Good luck in your search.


----------



## zen garage (Jun 13, 2006)

Ordered my windsor falkirk last tuesday, it arrived on monday. I have only ridden about 40 miles so far but it is a great ride. Components are great, assembly was pretty easy but I still need to tweak it a little bit. This is my first road bike and am overall very pleased with my decision.


----------



## tcruse11 (Jun 9, 2006)

zen garage said:


> Ordered my windsor falkirk last tuesday, it arrived on monday. I have only ridden about 40 miles so far but it is a great ride. Components are great, assembly was pretty easy but I still need to tweak it a little bit.

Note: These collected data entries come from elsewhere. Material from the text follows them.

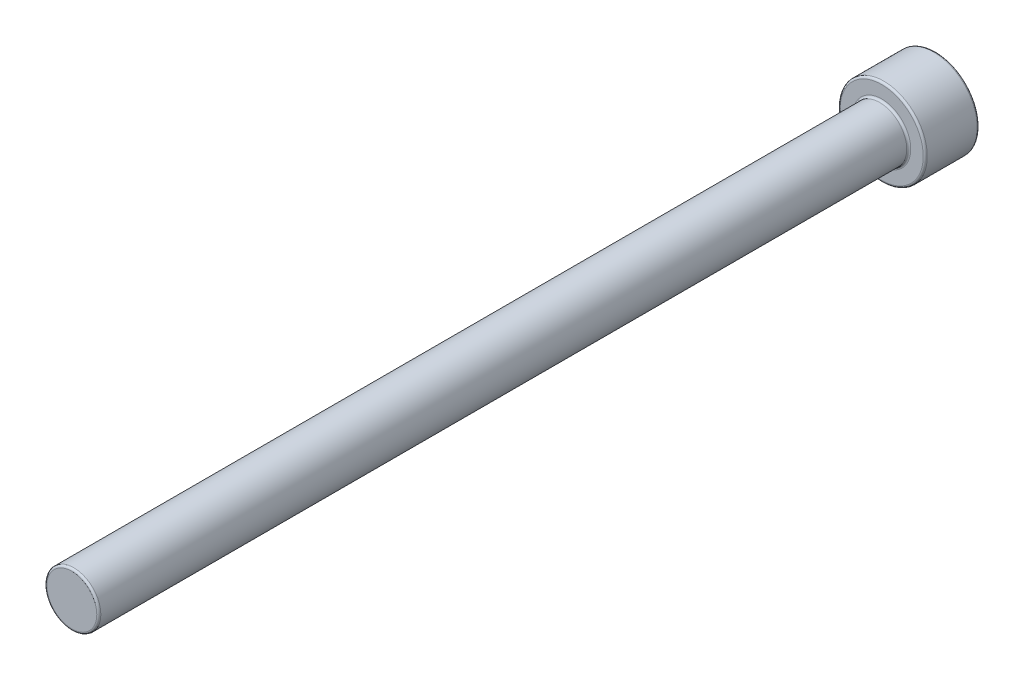
ISO-10303-21;
HEADER;
FILE_DESCRIPTION(('STEP AP214'),'2;1');
FILE_NAME('part.step','',(''),(''),'','','');
FILE_SCHEMA(('AUTOMOTIVE_DESIGN { 1 0 10303 214 1 1 1 1 }'));
ENDSEC;
DATA;
#1=APPLICATION_CONTEXT('core data for automotive mechanical design processes');
#2=APPLICATION_PROTOCOL_DEFINITION('international standard','automotive_design',2000,#1);
#3=PRODUCT_CONTEXT('',#1,'mechanical');
#4=PRODUCT('Part','Part','',(#3));
#5=PRODUCT_RELATED_PRODUCT_CATEGORY('part','',(#4));
#6=PRODUCT_DEFINITION_FORMATION('','',#4);
#7=PRODUCT_DEFINITION_CONTEXT('part definition',#1,'design');
#8=PRODUCT_DEFINITION('design','',#6,#7);
#9=PRODUCT_DEFINITION_SHAPE('','',#8);
#10=(LENGTH_UNIT() NAMED_UNIT(*) SI_UNIT(.MILLI.,.METRE.));
#11=(NAMED_UNIT(*) PLANE_ANGLE_UNIT() SI_UNIT($,.RADIAN.));
#12=(NAMED_UNIT(*) SI_UNIT($,.STERADIAN.) SOLID_ANGLE_UNIT());
#13=UNCERTAINTY_MEASURE_WITH_UNIT(LENGTH_MEASURE(1.E-05),#10,'distance_accuracy_value','');
#14=(GEOMETRIC_REPRESENTATION_CONTEXT(3) GLOBAL_UNCERTAINTY_ASSIGNED_CONTEXT((#13)) GLOBAL_UNIT_ASSIGNED_CONTEXT((#10,
#11,#12)) REPRESENTATION_CONTEXT('',''));
#15=CARTESIAN_POINT('',(0.,0.,0.));
#16=DIRECTION('',(0.,0.,1.));
#17=DIRECTION('',(1.,0.,0.));
#18=AXIS2_PLACEMENT_3D('',#15,#16,#17);
#19=CARTESIAN_POINT('',(0.,0.,120.));
#20=DIRECTION('',(0.,0.,-1.));
#21=DIRECTION('',(-1.,0.,0.));
#22=AXIS2_PLACEMENT_3D('',#19,#20,#21);
#23=CYLINDRICAL_SURFACE('',#22,4.);
#24=CARTESIAN_POINT('',(0.,0.,119.7));
#25=DIRECTION('',(0.,0.,1.));
#26=DIRECTION('',(1.,0.,0.));
#27=AXIS2_PLACEMENT_3D('',#24,#25,#26);
#28=CIRCLE('',#27,4.);
#29=CARTESIAN_POINT('',(4.,0.,119.7));
#30=VERTEX_POINT('',#29);
#31=EDGE_CURVE('E250',#30,#30,#28,.F.);
#32=ORIENTED_EDGE('',*,*,#31,.T.);
#33=EDGE_LOOP('',(#32));
#34=FACE_BOUND('',#33,.T.);
#35=CARTESIAN_POINT('',(0.,0.,0.299999999999995));
#36=DIRECTION('',(0.,0.,-1.));
#37=DIRECTION('',(-1.,0.,0.));
#38=AXIS2_PLACEMENT_3D('',#35,#36,#37);
#39=CIRCLE('',#38,4.);
#40=CARTESIAN_POINT('',(-4.,0.,0.299999999999995));
#41=VERTEX_POINT('',#40);
#42=EDGE_CURVE('E246',#41,#41,#39,.F.);
#43=ORIENTED_EDGE('',*,*,#42,.T.);
#44=EDGE_LOOP('',(#43));
#45=FACE_BOUND('',#44,.T.);
#46=ADVANCED_FACE('F35',(#34,#45),#23,.T.);
#47=CARTESIAN_POINT('',(0.,0.,120.));
#48=DIRECTION('',(0.,0.,1.));
#49=DIRECTION('',(1.,0.,0.));
#50=AXIS2_PLACEMENT_3D('',#47,#48,#49);
#51=PLANE('',#50);
#52=CARTESIAN_POINT('',(0.,0.,120.));
#53=DIRECTION('',(0.,0.,1.));
#54=DIRECTION('',(1.,0.,0.));
#55=AXIS2_PLACEMENT_3D('',#52,#53,#54);
#56=CIRCLE('',#55,3.7);
#57=CARTESIAN_POINT('',(3.7,0.,120.));
#58=VERTEX_POINT('',#57);
#59=EDGE_CURVE('E243',#58,#58,#56,.T.);
#60=ORIENTED_EDGE('',*,*,#59,.T.);
#61=EDGE_LOOP('',(#60));
#62=FACE_BOUND('',#61,.T.);
#63=ADVANCED_FACE('F325',(#62),#51,.T.);
#64=CARTESIAN_POINT('',(0.,0.,-8.));
#65=DIRECTION('',(0.,0.,1.));
#66=DIRECTION('',(1.,0.,0.));
#67=AXIS2_PLACEMENT_3D('',#64,#65,#66);
#68=CYLINDRICAL_SURFACE('',#67,6.45);
#69=CARTESIAN_POINT('',(0.,0.,-0.3));
#70=DIRECTION('',(0.,0.,-1.));
#71=DIRECTION('',(-1.,0.,0.));
#72=AXIS2_PLACEMENT_3D('',#69,#70,#71);
#73=CIRCLE('',#72,6.45);
#74=CARTESIAN_POINT('',(-6.45,0.,-0.3));
#75=VERTEX_POINT('',#74);
#76=EDGE_CURVE('E256',#75,#75,#73,.T.);
#77=ORIENTED_EDGE('',*,*,#76,.T.);
#78=EDGE_LOOP('',(#77));
#79=FACE_BOUND('',#78,.T.);
#80=CARTESIAN_POINT('',(0.,0.,-7.7));
#81=DIRECTION('',(0.,0.,-1.));
#82=DIRECTION('',(-1.,0.,0.));
#83=AXIS2_PLACEMENT_3D('',#80,#81,#82);
#84=CIRCLE('',#83,6.45);
#85=CARTESIAN_POINT('',(-6.45,0.,-7.7));
#86=VERTEX_POINT('',#85);
#87=EDGE_CURVE('E253',#86,#86,#84,.F.);
#88=ORIENTED_EDGE('',*,*,#87,.T.);
#89=EDGE_LOOP('',(#88));
#90=FACE_BOUND('',#89,.T.);
#91=ADVANCED_FACE('F331',(#79,#90),#68,.T.);
#92=CARTESIAN_POINT('',(0.,0.,-8.));
#93=DIRECTION('',(0.,0.,-1.));
#94=DIRECTION('',(-1.,0.,0.));
#95=AXIS2_PLACEMENT_3D('',#92,#93,#94);
#96=PLANE('',#95);
#97=CARTESIAN_POINT('',(0.,0.,-8.));
#98=DIRECTION('',(0.,0.,-1.));
#99=DIRECTION('',(-1.,0.,0.));
#100=AXIS2_PLACEMENT_3D('',#97,#98,#99);
#101=CIRCLE('',#100,6.15);
#102=CARTESIAN_POINT('',(-6.15,0.,-8.));
#103=VERTEX_POINT('',#102);
#104=EDGE_CURVE('E151',#103,#103,#101,.T.);
#105=ORIENTED_EDGE('',*,*,#104,.T.);
#106=EDGE_LOOP('',(#105));
#107=FACE_BOUND('',#106,.T.);
#108=DIRECTION('',(-1.,0.,0.));
#109=VECTOR('',#108,1.);
#110=CARTESIAN_POINT('',(1.73205080756888,-3.3,-8.));
#111=LINE('',#110,#109);
#112=CARTESIAN_POINT('',(-1.90525588832576,-3.3,-8.));
#113=VERTEX_POINT('',#112);
#114=CARTESIAN_POINT('',(1.90525588832577,-3.3,-8.));
#115=VERTEX_POINT('',#114);
#116=EDGE_CURVE('E150',#113,#115,#111,.F.);
#117=ORIENTED_EDGE('',*,*,#116,.T.);
#118=DIRECTION('',(-0.5,-0.866025403784439,0.));
#119=VECTOR('',#118,1.);
#120=CARTESIAN_POINT('',(3.72390923627309,-0.15,-8.));
#121=LINE('',#120,#119);
#122=CARTESIAN_POINT('',(3.81051177665153,0.,-8.));
#123=VERTEX_POINT('',#122);
#124=EDGE_CURVE('E129',#115,#123,#121,.F.);
#125=ORIENTED_EDGE('',*,*,#124,.T.);
#126=DIRECTION('',(0.5,-0.866025403784439,0.));
#127=VECTOR('',#126,1.);
#128=CARTESIAN_POINT('',(1.99185842870421,3.15,-8.));
#129=LINE('',#128,#127);
#130=CARTESIAN_POINT('',(1.90525588832576,3.3,-8.));
#131=VERTEX_POINT('',#130);
#132=EDGE_CURVE('E139',#123,#131,#129,.F.);
#133=ORIENTED_EDGE('',*,*,#132,.T.);
#134=DIRECTION('',(1.,0.,0.));
#135=VECTOR('',#134,1.);
#136=CARTESIAN_POINT('',(-1.73205080756887,3.3,-8.));
#137=LINE('',#136,#135);
#138=CARTESIAN_POINT('',(-1.90525588832576,3.3,-8.));
#139=VERTEX_POINT('',#138);
#140=EDGE_CURVE('E145',#131,#139,#137,.F.);
#141=ORIENTED_EDGE('',*,*,#140,.T.);
#142=DIRECTION('',(0.5,0.866025403784439,0.));
#143=VECTOR('',#142,1.);
#144=CARTESIAN_POINT('',(-3.72390923627308,0.150000000000001,-8.));
#145=LINE('',#144,#143);
#146=CARTESIAN_POINT('',(-3.81051177665153,0.,-8.));
#147=VERTEX_POINT('',#146);
#148=EDGE_CURVE('E265',#139,#147,#145,.F.);
#149=ORIENTED_EDGE('',*,*,#148,.T.);
#150=DIRECTION('',(-0.5,0.866025403784439,0.));
#151=VECTOR('',#150,1.);
#152=CARTESIAN_POINT('',(-1.99185842870421,-3.15,-8.));
#153=LINE('',#152,#151);
#154=EDGE_CURVE('E156',#147,#113,#153,.F.);
#155=ORIENTED_EDGE('',*,*,#154,.T.);
#156=EDGE_LOOP('',(#117,#125,#133,#141,#149,#155));
#157=FACE_BOUND('',#156,.T.);
#158=ADVANCED_FACE('F148',(#107,#157),#96,.T.);
#159=CARTESIAN_POINT('',(0.,0.,0.));
#160=DIRECTION('',(0.,0.,-1.));
#161=DIRECTION('',(-1.,0.,0.));
#162=AXIS2_PLACEMENT_3D('',#159,#160,#161);
#163=PLANE('',#162);
#164=CARTESIAN_POINT('',(0.,0.,0.));
#165=DIRECTION('',(0.,0.,-1.));
#166=DIRECTION('',(-1.,0.,0.));
#167=AXIS2_PLACEMENT_3D('',#164,#165,#166);
#168=CIRCLE('',#167,6.15);
#169=CARTESIAN_POINT('',(-6.15,0.,0.));
#170=VERTEX_POINT('',#169);
#171=EDGE_CURVE('E146',#170,#170,#168,.F.);
#172=ORIENTED_EDGE('',*,*,#171,.T.);
#173=EDGE_LOOP('',(#172));
#174=FACE_BOUND('',#173,.T.);
#175=CARTESIAN_POINT('',(0.,0.,0.));
#176=DIRECTION('',(0.,0.,-1.));
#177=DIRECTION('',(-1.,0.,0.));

This is my first road bike and am overall very pleased with my decision.


Awesome! That is what I wanted to hear. How's the fit? Any chance in getting you to post some pics? I appreciate the all of the input.


----------



## BSer (Nov 3, 2004)

*Don't do it*

A very good friend just ordered one and has been trying to ride it for the last week or so. It has been nothing but problems. The wheels were not true, the deraillers were not adjusted very well and he kept dropping the chain on the first ride. He took it to another good friend who is an ex bike mechanic to get it right. He said he has seen better builds from Walmart.

Just when he thought he got it all worked out and was pretty happy with it he started getting creaking. It now appears that the sleeve for the seat post (remember these? this was the reason the frames were so cheap) might be moving.

He is taking it back to the Mechanic this weekend. Meanwhile he has had the bike a few weeks now and has not been able to ride it with any confidence most of the time.


----------



## zen garage (Jun 13, 2006)

Sorry to hear your friend is having issues. I am on about 55miles on mine and have nothing but good things to say about the bike. The derailers needed and still need some adjustment but this is expected for a bike that came out of a box assembled in taiwan. the wheels were straight and true, all components were top notch, the bike is pretty light and feels very solid. 
Only complaint was the flat tire but that was my fault.
I will post some pics tonite


----------



## zen garage (Jun 13, 2006)

Dont make fun of the platform pedals I borrowed them from my bmx while I await delivery of my new looks.


----------



## n1civicsi (May 8, 2006)

nice viper. Is it yours?


----------



## zen garage (Jun 13, 2006)

Yes the vipe is mine...heres another


----------



## floresb (Aug 29, 2005)

*Toys...*

Nice toys. Glad the bike is coming together for you. Enjoy your rides


----------



## Lifelover (Jul 8, 2004)

*Bmx*



zen garage said:


> Dont make fun of the platform pedals I borrowed them from my bmx while I await delivery of my new looks.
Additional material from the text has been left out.